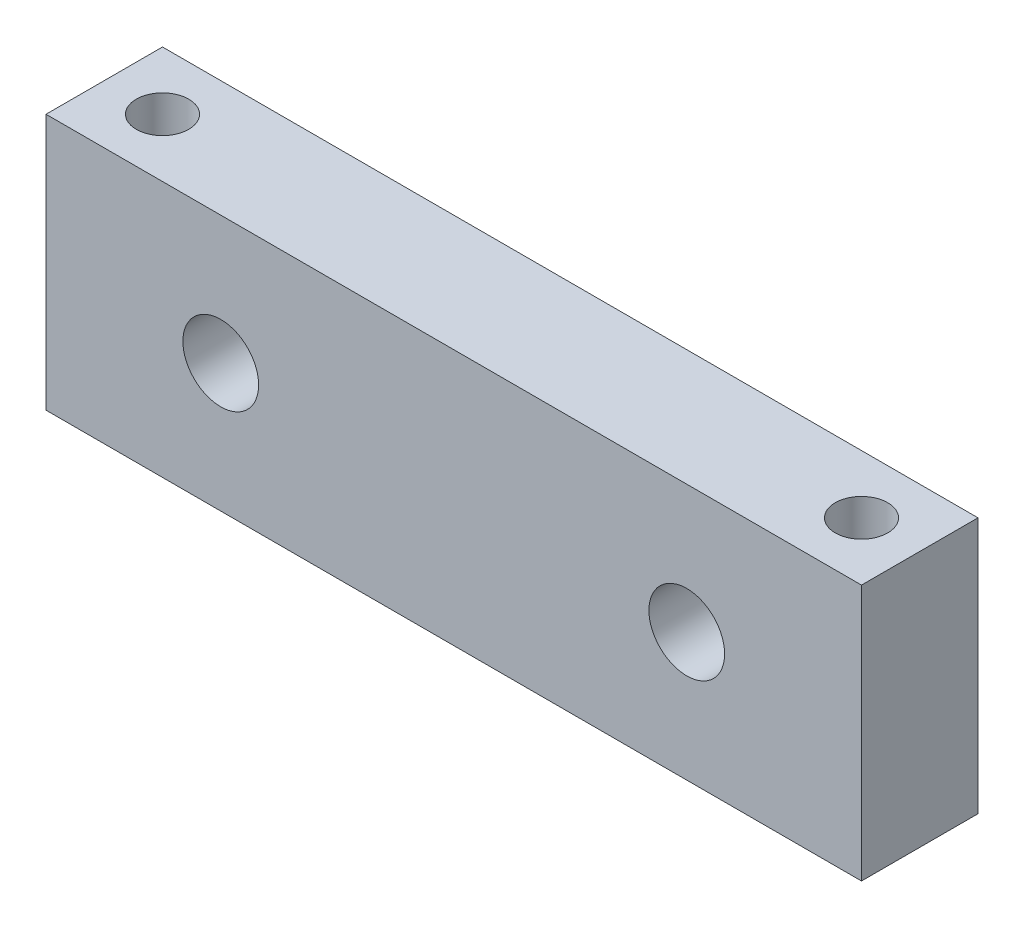
ISO-10303-21;
HEADER;
FILE_DESCRIPTION(('STEP AP214'),'2;1');
FILE_NAME('part.step','',(''),(''),'','','');
FILE_SCHEMA(('AUTOMOTIVE_DESIGN { 1 0 10303 214 1 1 1 1 }'));
ENDSEC;
DATA;
#1=APPLICATION_CONTEXT('core data for automotive mechanical design processes');
#2=APPLICATION_PROTOCOL_DEFINITION('international standard','automotive_design',2000,#1);
#3=PRODUCT_CONTEXT('',#1,'mechanical');
#4=PRODUCT('Part','Part','',(#3));
#5=PRODUCT_RELATED_PRODUCT_CATEGORY('part','',(#4));
#6=PRODUCT_DEFINITION_FORMATION('','',#4);
#7=PRODUCT_DEFINITION_CONTEXT('part definition',#1,'design');
#8=PRODUCT_DEFINITION('design','',#6,#7);
#9=PRODUCT_DEFINITION_SHAPE('','',#8);
#10=(LENGTH_UNIT() NAMED_UNIT(*) SI_UNIT(.MILLI.,.METRE.));
#11=(NAMED_UNIT(*) PLANE_ANGLE_UNIT() SI_UNIT($,.RADIAN.));
#12=(NAMED_UNIT(*) SI_UNIT($,.STERADIAN.) SOLID_ANGLE_UNIT());
#13=UNCERTAINTY_MEASURE_WITH_UNIT(LENGTH_MEASURE(1.E-05),#10,'distance_accuracy_value','');
#14=(GEOMETRIC_REPRESENTATION_CONTEXT(3) GLOBAL_UNCERTAINTY_ASSIGNED_CONTEXT((#13)) GLOBAL_UNIT_ASSIGNED_CONTEXT((#10,
#11,#12)) REPRESENTATION_CONTEXT('',''));
#15=CARTESIAN_POINT('',(0.,0.,0.));
#16=DIRECTION('',(0.,0.,1.));
#17=DIRECTION('',(1.,0.,0.));
#18=AXIS2_PLACEMENT_3D('',#15,#16,#17);
#19=CARTESIAN_POINT('',(30.,-34.,5.));
#20=DIRECTION('',(0.,1.,0.));
#21=DIRECTION('',(0.,0.,1.));
#22=AXIS2_PLACEMENT_3D('',#19,#20,#21);
#23=CYLINDRICAL_SURFACE('',#22,2.25);
#24=CARTESIAN_POINT('',(30.,11.,5.));
#25=DIRECTION('',(0.,1.,0.));
#26=DIRECTION('',(0.,0.,-1.));
#27=AXIS2_PLACEMENT_3D('',#24,#25,#26);
#28=CIRCLE('',#27,2.25);
#29=CARTESIAN_POINT('',(30.,11.,7.25));
#30=VERTEX_POINT('',#29);
#31=EDGE_CURVE('E188',#30,#30,#28,.T.);
#32=CARTESIAN_POINT('',(30.,-7.,5.));
#33=DIRECTION('',(0.,-1.,0.));
#34=DIRECTION('',(0.,0.,-1.));
#35=AXIS2_PLACEMENT_3D('',#32,#33,#34);
#36=CIRCLE('',#35,2.25);
#37=CARTESIAN_POINT('',(30.,-7.,7.25));
#38=VERTEX_POINT('',#37);
#39=EDGE_CURVE('E43',#38,#38,#36,.F.);
#40=CARTESIAN_POINT('',(30.,11.,7.25));
#41=CARTESIAN_POINT('',(30.,10.8125,7.25));
#42=CARTESIAN_POINT('',(30.,10.625,7.25));
#43=CARTESIAN_POINT('',(30.,10.25,7.25));
#44=CARTESIAN_POINT('',(30.,10.0625,7.25));
#45=CARTESIAN_POINT('',(30.,9.68749999999999,7.25));
#46=CARTESIAN_POINT('',(30.,9.49999999999999,7.25));
#47=CARTESIAN_POINT('',(30.,9.12499999999999,7.25));
#48=CARTESIAN_POINT('',(30.,8.93749999999999,7.25));
#49=CARTESIAN_POINT('',(30.,8.56249999999999,7.25));
#50=CARTESIAN_POINT('',(30.,8.375,7.25));
#51=CARTESIAN_POINT('',(30.,8.,7.25));
#52=CARTESIAN_POINT('',(30.,7.8125,7.25));
#53=CARTESIAN_POINT('',(30.,7.4375,7.25));
#54=CARTESIAN_POINT('',(30.,7.25,7.25));
#55=CARTESIAN_POINT('',(30.,6.875,7.25));
#56=CARTESIAN_POINT('',(30.,6.6875,7.25));
#57=CARTESIAN_POINT('',(30.,6.3125,7.25));
#58=CARTESIAN_POINT('',(30.,6.125,7.25));
#59=CARTESIAN_POINT('',(30.,5.75,7.25));
#60=CARTESIAN_POINT('',(30.,5.5625,7.25));
#61=CARTESIAN_POINT('',(30.,5.1875,7.25));
#62=CARTESIAN_POINT('',(30.,5.,7.25));
#63=CARTESIAN_POINT('',(30.,4.625,7.25));
#64=CARTESIAN_POINT('',(30.,4.4375,7.25));
#65=CARTESIAN_POINT('',(30.,4.0625,7.25));
#66=CARTESIAN_POINT('',(30.,3.875,7.25));
#67=CARTESIAN_POINT('',(30.,3.5,7.25));
#68=CARTESIAN_POINT('',(30.,3.3125,7.25));
#69=CARTESIAN_POINT('',(30.,2.9375,7.25));
#70=CARTESIAN_POINT('',(30.,2.75,7.25));
#71=CARTESIAN_POINT('',(30.,2.375,7.25));
#72=CARTESIAN_POINT('',(30.,2.1875,7.25));
#73=CARTESIAN_POINT('',(30.,1.8125,7.25));
#74=CARTESIAN_POINT('',(30.,1.625,7.25));
#75=CARTESIAN_POINT('',(30.,1.25,7.25));
#76=CARTESIAN_POINT('',(30.,1.0625,7.25));
#77=CARTESIAN_POINT('',(30.,0.687500000000001,7.25));
#78=CARTESIAN_POINT('',(30.,0.5,7.25));
#79=CARTESIAN_POINT('',(30.,0.125,7.25));
#80=CARTESIAN_POINT('',(30.,-0.0625,7.25));
#81=CARTESIAN_POINT('',(30.,-0.4375,7.25));
#82=CARTESIAN_POINT('',(30.,-0.625000000000001,7.25));
#83=CARTESIAN_POINT('',(30.,-1.,7.25));
#84=CARTESIAN_POINT('',(30.,-1.1875,7.25));
#85=CARTESIAN_POINT('',(30.,-1.5625,7.25));
#86=CARTESIAN_POINT('',(30.,-1.75,7.25));
#87=CARTESIAN_POINT('',(30.,-2.125,7.25));
#88=CARTESIAN_POINT('',(30.,-2.3125,7.25));
#89=CARTESIAN_POINT('',(30.,-2.6875,7.25));
#90=CARTESIAN_POINT('',(30.,-2.875,7.25));
#91=CARTESIAN_POINT('',(30.,-3.25,7.25));
#92=CARTESIAN_POINT('',(30.,-3.4375,7.25));
#93=CARTESIAN_POINT('',(30.,-3.8125,7.25));
#94=CARTESIAN_POINT('',(30.,-4.,7.25));
#95=CARTESIAN_POINT('',(30.,-4.375,7.25));
#96=CARTESIAN_POINT('',(30.,-4.5625,7.25));
#97=CARTESIAN_POINT('',(30.,-4.9375,7.25));
#98=CARTESIAN_POINT('',(30.,-5.125,7.25));
#99=CARTESIAN_POINT('',(30.,-5.5,7.25));
#100=CARTESIAN_POINT('',(30.,-5.6875,7.25));
#101=CARTESIAN_POINT('',(30.,-6.06249999999999,7.25));
#102=CARTESIAN_POINT('',(30.,-6.25,7.25));
#103=CARTESIAN_POINT('',(30.,-6.625,7.25));
#104=CARTESIAN_POINT('',(30.,-6.8125,7.25));
#105=CARTESIAN_POINT('',(30.,-7.,7.25));
#106=B_SPLINE_CURVE_WITH_KNOTS('',3,(#40,#41,#42,#43,#44,#45,#46,#47,#48,#49,#50,#51,#52,#53,
#54,#55,#56,#57,#58,#59,#60,#61,#62,#63,#64,#65,#66,#67,#68,#69,#70,#71,#72,#73,#74,#75,#76,#77,
#78,#79,#80,#81,#82,#83,#84,#85,#86,#87,#88,#89,#90,#91,#92,#93,#94,#95,#96,#97,#98,#99,#100,
#101,#102,#103,#104,#105),.UNSPECIFIED.,.F.,.F.,(4,2,2,2,2,2,2,2,2,2,2,2,2,2,2,2,2,2,2,2,2,2,2,
2,2,2,2,2,2,2,2,2,4),(0.,0.5625,1.125,1.6875,2.25,2.8125,3.375,3.9375,4.5,5.0625,5.625,6.1875,
6.75,7.3125,7.875,8.4375,8.99999999999999,9.5625,10.125,10.6875,11.25,11.8125,12.375,12.9375,
13.5,14.0625,14.625,15.1875,15.75,16.3125,16.875,17.4375,18.),.UNSPECIFIED.);
#107=EDGE_CURVE('BSEAM39',#30,#38,#106,.T.);
#108=ORIENTED_EDGE('',*,*,#31,.T.);
#109=ORIENTED_EDGE('',*,*,#39,.F.);
#110=ORIENTED_EDGE('',*,*,#107,.T.);
#111=ORIENTED_EDGE('',*,*,#107,.F.);
#112=EDGE_LOOP('',(#108,#110,#109,#111));
#113=FACE_BOUND('',#112,.T.);
#114=ADVANCED_FACE('F39',(#113),#23,.F.);
#115=CARTESIAN_POINT('',(-30.,-34.,5.));
#116=DIRECTION('',(0.,1.,0.));
#117=DIRECTION('',(0.,0.,1.));
#118=AXIS2_PLACEMENT_3D('',#115,#116,#117);
#119=CYLINDRICAL_SURFACE('',#118,2.25);
#120=CARTESIAN_POINT('',(-30.,11.,5.));
#121=DIRECTION('',(0.,1.,0.));
#122=DIRECTION('',(0.,0.,1.));
#123=AXIS2_PLACEMENT_3D('',#120,#121,#122);
#124=CIRCLE('',#123,2.25);
#125=CARTESIAN_POINT('',(-30.,11.,7.25));
#126=VERTEX_POINT('',#125);
#127=EDGE_CURVE('E115',#126,#126,#124,.T.);
#128=CARTESIAN_POINT('',(-30.,-7.,5.));
#129=DIRECTION('',(0.,-1.,0.));
#130=DIRECTION('',(0.,0.,-1.));
#131=AXIS2_PLACEMENT_3D('',#128,#129,#130);
#132=CIRCLE('',#131,2.25);
#133=CARTESIAN_POINT('',(-30.,-7.,7.25));
#134=VERTEX_POINT('',#133);
#135=EDGE_CURVE('E125',#134,#134,#132,.F.);
#136=CARTESIAN_POINT('',(-30.,11.,7.25));
#137=CARTESIAN_POINT('',(-30.,10.8125,7.25));
#138=CARTESIAN_POINT('',(-30.,10.625,7.25));
#139=CARTESIAN_POINT('',(-30.,10.25,7.25));
#140=CARTESIAN_POINT('',(-30.,10.0625,7.25));
#141=CARTESIAN_POINT('',(-30.,9.68749999999999,7.25));
#142=CARTESIAN_POINT('',(-30.,9.49999999999999,7.25));
#143=CARTESIAN_POINT('',(-30.,9.12499999999999,7.25));
#144=CARTESIAN_POINT('',(-30.,8.93749999999999,7.25));
#145=CARTESIAN_POINT('',(-30.,8.56249999999999,7.25));
#146=CARTESIAN_POINT('',(-30.,8.375,7.25));
#147=CARTESIAN_POINT('',(-30.,8.,7.25));
#148=CARTESIAN_POINT('',(-30.,7.8125,7.25));
#149=CARTESIAN_POINT('',(-30.,7.4375,7.25));
#150=CARTESIAN_POINT('',(-30.,7.25,7.25));
#151=CARTESIAN_POINT('',(-30.,6.875,7.25));
#152=CARTESIAN_POINT('',(-30.,6.6875,7.25));
#153=CARTESIAN_POINT('',(-30.,6.3125,7.25));
#154=CARTESIAN_POINT('',(-30.,6.125,7.25));
#155=CARTESIAN_POINT('',(-30.,5.75,7.25));
#156=CARTESIAN_POINT('',(-30.,5.5625,7.25));
#157=CARTESIAN_POINT('',(-30.,5.1875,7.25));
#158=CARTESIAN_POINT('',(-30.,5.,7.25));
#159=CARTESIAN_POINT('',(-30.,4.625,7.25));
#160=CARTESIAN_POINT('',(-30.,4.4375,7.25));
#161=CARTESIAN_POINT('',(-30.,4.0625,7.25));
#162=CARTESIAN_POINT('',(-30.,3.875,7.25));
#163=CARTESIAN_POINT('',(-30.,3.5,7.25));
#164=CARTESIAN_POINT('',(-30.,3.3125,7.25));
#165=CARTESIAN_POINT('',(-30.,2.9375,7.25));
#166=CARTESIAN_POINT('',(-30.,2.75,7.25));
#167=CARTESIAN_POINT('',(-30.,2.375,7.25));
#168=CARTESIAN_POINT('',(-30.,2.1875,7.25));
#169=CARTESIAN_POINT('',(-30.,1.8125,7.25));
#170=CARTESIAN_POINT('',(-30.,1.625,7.25));
#171=CARTESIAN_POINT('',(-30.,1.25,7.25));
#172=CARTESIAN_POINT('',(-30.,1.0625,7.25));
#173=CARTESIAN_POINT('',(-30.,0.687500000000001,7.25));
#174=CARTESIAN_POINT('',(-30.,0.5,7.25));
#175=CARTESIAN_POINT('',(-30.,0.125,7.25));
#176=CARTESIAN_POINT('',(-30.,-0.0625,7.25));
#177=CARTESIAN_POINT('',(-30.,-0.4375,7.25));
#178=CARTESIAN_POINT('',(-30.,-0.625000000000001,7.25));
#179=CARTESIAN_POINT('',(-30.,-1.,7.25));
#180=CARTESIAN_POINT('',(-30.,-1.1875,7.25));
#181=CARTESIAN_POINT('',(-30.,-1.5625,7.25));
#182=CARTESIAN_POINT('',(-30.,-1.75,7.25));
#183=CARTESIAN_POINT('',(-30.,-2.125,7.25));
#184=CARTESIAN_POINT('',(-30.,-2.3125,7.25));
#185=CARTESIAN_POINT('',(-30.,-2.6875,7.25));
#186=CARTESIAN_POINT('',(-30.,-2.875,7.25));
#187=CARTESIAN_POINT('',(-30.,-3.25,7.25));
#188=CARTESIAN_POINT('',(-30.,-3.4375,7.25));
#189=CARTESIAN_POINT('',(-30.,-3.8125,7.25));
#190=CARTESIAN_POINT('',(-30.,-4.,7.25));
#191=CARTESIAN_POINT('',(-30.,-4.375,7.25));
#192=CARTESIAN_POINT('',(-30.,-4.5625,7.25));
#193=CARTESIAN_POINT('',(-30.,-4.9375,7.25));
#194=CARTESIAN_POINT('',(-30.,-5.125,7.25));
#195=CARTESIAN_POINT('',(-30.,-5.5,7.25));
#196=CARTESIAN_POINT('',(-30.,-5.6875,7.25));
#197=CARTESIAN_POINT('',(-30.,-6.06249999999999,7.25));
#198=CARTESIAN_POINT('',(-30.,-6.25,7.25));
#199=CARTESIAN_POINT('',(-30.,-6.625,7.25));
#200=CARTESIAN_POINT('',(-30.,-6.8125,7.25));
#201=CARTESIAN_POINT('',(-30.,-7.,7.25));
#202=B_SPLINE_CURVE_WITH_KNOTS('',3,(#136,#137,#138,#139,#140,#141,#142,#143,#144,#145,#146,
#147,#148,#149,#150,#151,#152,#153,#154,#155,#156,#157,#158,#159,#160,#161,#162,#163,#164,#165,
#166,#167,#168,#169,#170,#171,#172,#173,#174,#175,#176,#177,#178,#179,#180,#181,#182,#183,#184,
#185,#186,#187,#188,#189,#190,#191,#192,#193,#194,#195,#196,#197,#198,#199,#200,#201),
.UNSPECIFIED.,.F.,.F.,(4,2,2,2,2,2,2,2,2,2,2,2,2,2,2,2,2,2,2,2,2,2,2,2,2,2,2,2,2,2,2,2,4),(0.,
0.5625,1.125,1.6875,2.25,2.8125,3.375,3.9375,4.5,5.0625,5.625,6.1875,6.75,7.3125,7.875,8.4375,
8.99999999999999,9.5625,10.125,10.6875,11.25,11.8125,12.375,12.9375,13.5,14.0625,14.625,15.1875,
15.75,16.3125,16.875,17.4375,18.),.UNSPECIFIED.);
#203=EDGE_CURVE('BSEAM214',#126,#134,#202,.T.);
#204=ORIENTED_EDGE('',*,*,#127,.T.);
#205=ORIENTED_EDGE('',*,*,#135,.F.);
#206=ORIENTED_EDGE('',*,*,#203,.T.);
#207=ORIENTED_EDGE('',*,*,#203,.F.);
#208=EDGE_LOOP('',(#204,#206,#205,#207));
#209=FACE_BOUND('',#208,.T.);
#210=ADVANCED_FACE('F214',(#209),#119,.F.);
#211=CARTESIAN_POINT('',(0.,0.,0.));
#212=DIRECTION('',(0.,0.,-1.));
#213=DIRECTION('',(-1.,0.,0.));
#214=AXIS2_PLACEMENT_3D('',#211,#212,#213);
#215=PLANE('',#214);
#216=DIRECTION('',(0.,1.,0.));
#217=VECTOR('',#216,1.);
#218=CARTESIAN_POINT('',(35.,-11.,0.));
#219=LINE('',#218,#217);
#220=CARTESIAN_POINT('',(35.,-11.,0.));
#221=VERTEX_POINT('',#220);
#222=CARTESIAN_POINT('',(35.,11.,0.));
#223=VERTEX_POINT('',#222);
#224=EDGE_CURVE('E111',#221,#223,#219,.T.);
#225=ORIENTED_EDGE('',*,*,#224,.F.);
#226=DIRECTION('',(1.,0.,0.));
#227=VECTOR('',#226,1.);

*-*-*

- Assignment
Each line above from the one with "#52=CARTESIAN_POINT('',(30.,7.8125,7.25));" up to and including the one with "#76=CARTESIAN_POINT('',(30.,1.0625,7.25));" must be set down exactly, and no line outside that span may appear.

- Task output
#52=CARTESIAN_POINT('',(30.,7.8125,7.25));
#53=CARTESIAN_POINT('',(30.,7.4375,7.25));
#54=CARTESIAN_POINT('',(30.,7.25,7.25));
#55=CARTESIAN_POINT('',(30.,6.875,7.25));
#56=CARTESIAN_POINT('',(30.,6.6875,7.25));
#57=CARTESIAN_POINT('',(30.,6.3125,7.25));
#58=CARTESIAN_POINT('',(30.,6.125,7.25));
#59=CARTESIAN_POINT('',(30.,5.75,7.25));
#60=CARTESIAN_POINT('',(30.,5.5625,7.25));
#61=CARTESIAN_POINT('',(30.,5.1875,7.25));
#62=CARTESIAN_POINT('',(30.,5.,7.25));
#63=CARTESIAN_POINT('',(30.,4.625,7.25));
#64=CARTESIAN_POINT('',(30.,4.4375,7.25));
#65=CARTESIAN_POINT('',(30.,4.0625,7.25));
#66=CARTESIAN_POINT('',(30.,3.875,7.25));
#67=CARTESIAN_POINT('',(30.,3.5,7.25));
#68=CARTESIAN_POINT('',(30.,3.3125,7.25));
#69=CARTESIAN_POINT('',(30.,2.9375,7.25));
#70=CARTESIAN_POINT('',(30.,2.75,7.25));
#71=CARTESIAN_POINT('',(30.,2.375,7.25));
#72=CARTESIAN_POINT('',(30.,2.1875,7.25));
#73=CARTESIAN_POINT('',(30.,1.8125,7.25));
#74=CARTESIAN_POINT('',(30.,1.625,7.25));
#75=CARTESIAN_POINT('',(30.,1.25,7.25));
#76=CARTESIAN_POINT('',(30.,1.0625,7.25));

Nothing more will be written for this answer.